__ACTIVITY__
Filter the entries for the string "view". Copy each line that has it.

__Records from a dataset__

____

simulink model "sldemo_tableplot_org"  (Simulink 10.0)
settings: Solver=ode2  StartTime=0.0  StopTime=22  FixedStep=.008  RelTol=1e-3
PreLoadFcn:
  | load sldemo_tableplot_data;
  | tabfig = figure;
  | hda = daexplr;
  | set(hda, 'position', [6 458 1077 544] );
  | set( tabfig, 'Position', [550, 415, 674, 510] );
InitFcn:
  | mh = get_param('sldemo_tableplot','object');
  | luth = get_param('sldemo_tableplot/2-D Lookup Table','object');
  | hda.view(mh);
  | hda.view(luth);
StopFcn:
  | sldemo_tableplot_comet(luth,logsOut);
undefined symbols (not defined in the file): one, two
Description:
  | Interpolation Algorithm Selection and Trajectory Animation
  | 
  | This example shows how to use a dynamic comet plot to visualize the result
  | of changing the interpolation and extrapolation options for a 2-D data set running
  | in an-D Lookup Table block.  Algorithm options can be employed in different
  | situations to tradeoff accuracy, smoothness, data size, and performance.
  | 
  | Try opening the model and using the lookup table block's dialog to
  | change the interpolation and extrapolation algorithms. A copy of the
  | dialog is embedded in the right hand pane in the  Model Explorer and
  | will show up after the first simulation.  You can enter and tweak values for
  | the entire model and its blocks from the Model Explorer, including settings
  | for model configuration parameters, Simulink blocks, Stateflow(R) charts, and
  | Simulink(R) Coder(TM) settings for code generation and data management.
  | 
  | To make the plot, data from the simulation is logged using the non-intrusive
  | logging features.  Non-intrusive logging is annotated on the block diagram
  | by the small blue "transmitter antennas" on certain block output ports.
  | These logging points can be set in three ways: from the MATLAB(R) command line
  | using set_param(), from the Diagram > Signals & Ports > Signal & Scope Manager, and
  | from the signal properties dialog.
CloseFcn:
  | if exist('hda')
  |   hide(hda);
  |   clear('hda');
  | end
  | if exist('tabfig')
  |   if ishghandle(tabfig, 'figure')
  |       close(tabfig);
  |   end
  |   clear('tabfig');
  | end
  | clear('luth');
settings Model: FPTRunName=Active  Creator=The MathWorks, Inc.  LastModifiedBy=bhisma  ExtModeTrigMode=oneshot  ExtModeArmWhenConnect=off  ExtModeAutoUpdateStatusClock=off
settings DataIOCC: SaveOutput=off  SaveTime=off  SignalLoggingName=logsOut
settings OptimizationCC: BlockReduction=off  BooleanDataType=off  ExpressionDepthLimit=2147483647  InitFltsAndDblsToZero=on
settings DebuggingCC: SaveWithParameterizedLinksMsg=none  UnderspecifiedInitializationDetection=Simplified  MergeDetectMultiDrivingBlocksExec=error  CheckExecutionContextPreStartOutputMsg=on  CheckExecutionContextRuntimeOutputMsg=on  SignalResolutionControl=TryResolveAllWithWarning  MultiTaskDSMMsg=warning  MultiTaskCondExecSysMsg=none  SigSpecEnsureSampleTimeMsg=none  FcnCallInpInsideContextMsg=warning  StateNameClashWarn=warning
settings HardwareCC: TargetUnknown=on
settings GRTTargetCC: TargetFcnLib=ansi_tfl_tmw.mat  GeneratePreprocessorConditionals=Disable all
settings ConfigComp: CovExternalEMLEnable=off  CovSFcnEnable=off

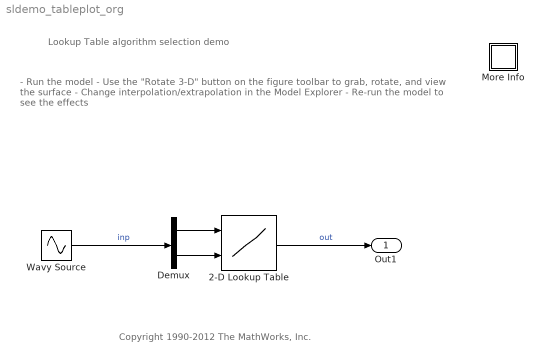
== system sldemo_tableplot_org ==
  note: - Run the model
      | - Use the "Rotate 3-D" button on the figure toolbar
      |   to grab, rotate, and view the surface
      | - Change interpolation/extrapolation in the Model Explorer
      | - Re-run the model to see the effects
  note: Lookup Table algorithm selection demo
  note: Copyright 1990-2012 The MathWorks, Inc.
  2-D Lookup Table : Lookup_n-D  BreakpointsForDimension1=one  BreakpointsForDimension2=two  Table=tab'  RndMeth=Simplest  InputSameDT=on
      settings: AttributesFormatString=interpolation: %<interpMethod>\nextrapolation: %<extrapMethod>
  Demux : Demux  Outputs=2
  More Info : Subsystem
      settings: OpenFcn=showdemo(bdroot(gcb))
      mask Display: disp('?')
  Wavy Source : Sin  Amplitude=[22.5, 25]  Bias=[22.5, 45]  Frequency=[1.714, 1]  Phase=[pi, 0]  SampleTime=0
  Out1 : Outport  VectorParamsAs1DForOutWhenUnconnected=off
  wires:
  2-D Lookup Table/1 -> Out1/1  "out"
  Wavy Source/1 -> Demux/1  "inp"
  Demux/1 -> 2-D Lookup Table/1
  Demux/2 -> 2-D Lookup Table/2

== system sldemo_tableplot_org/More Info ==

____

__ANSWER TO THIS EXERCISE__
  | hda.view(mh);
  | hda.view(luth);
      |   to grab, rotate, and view the surface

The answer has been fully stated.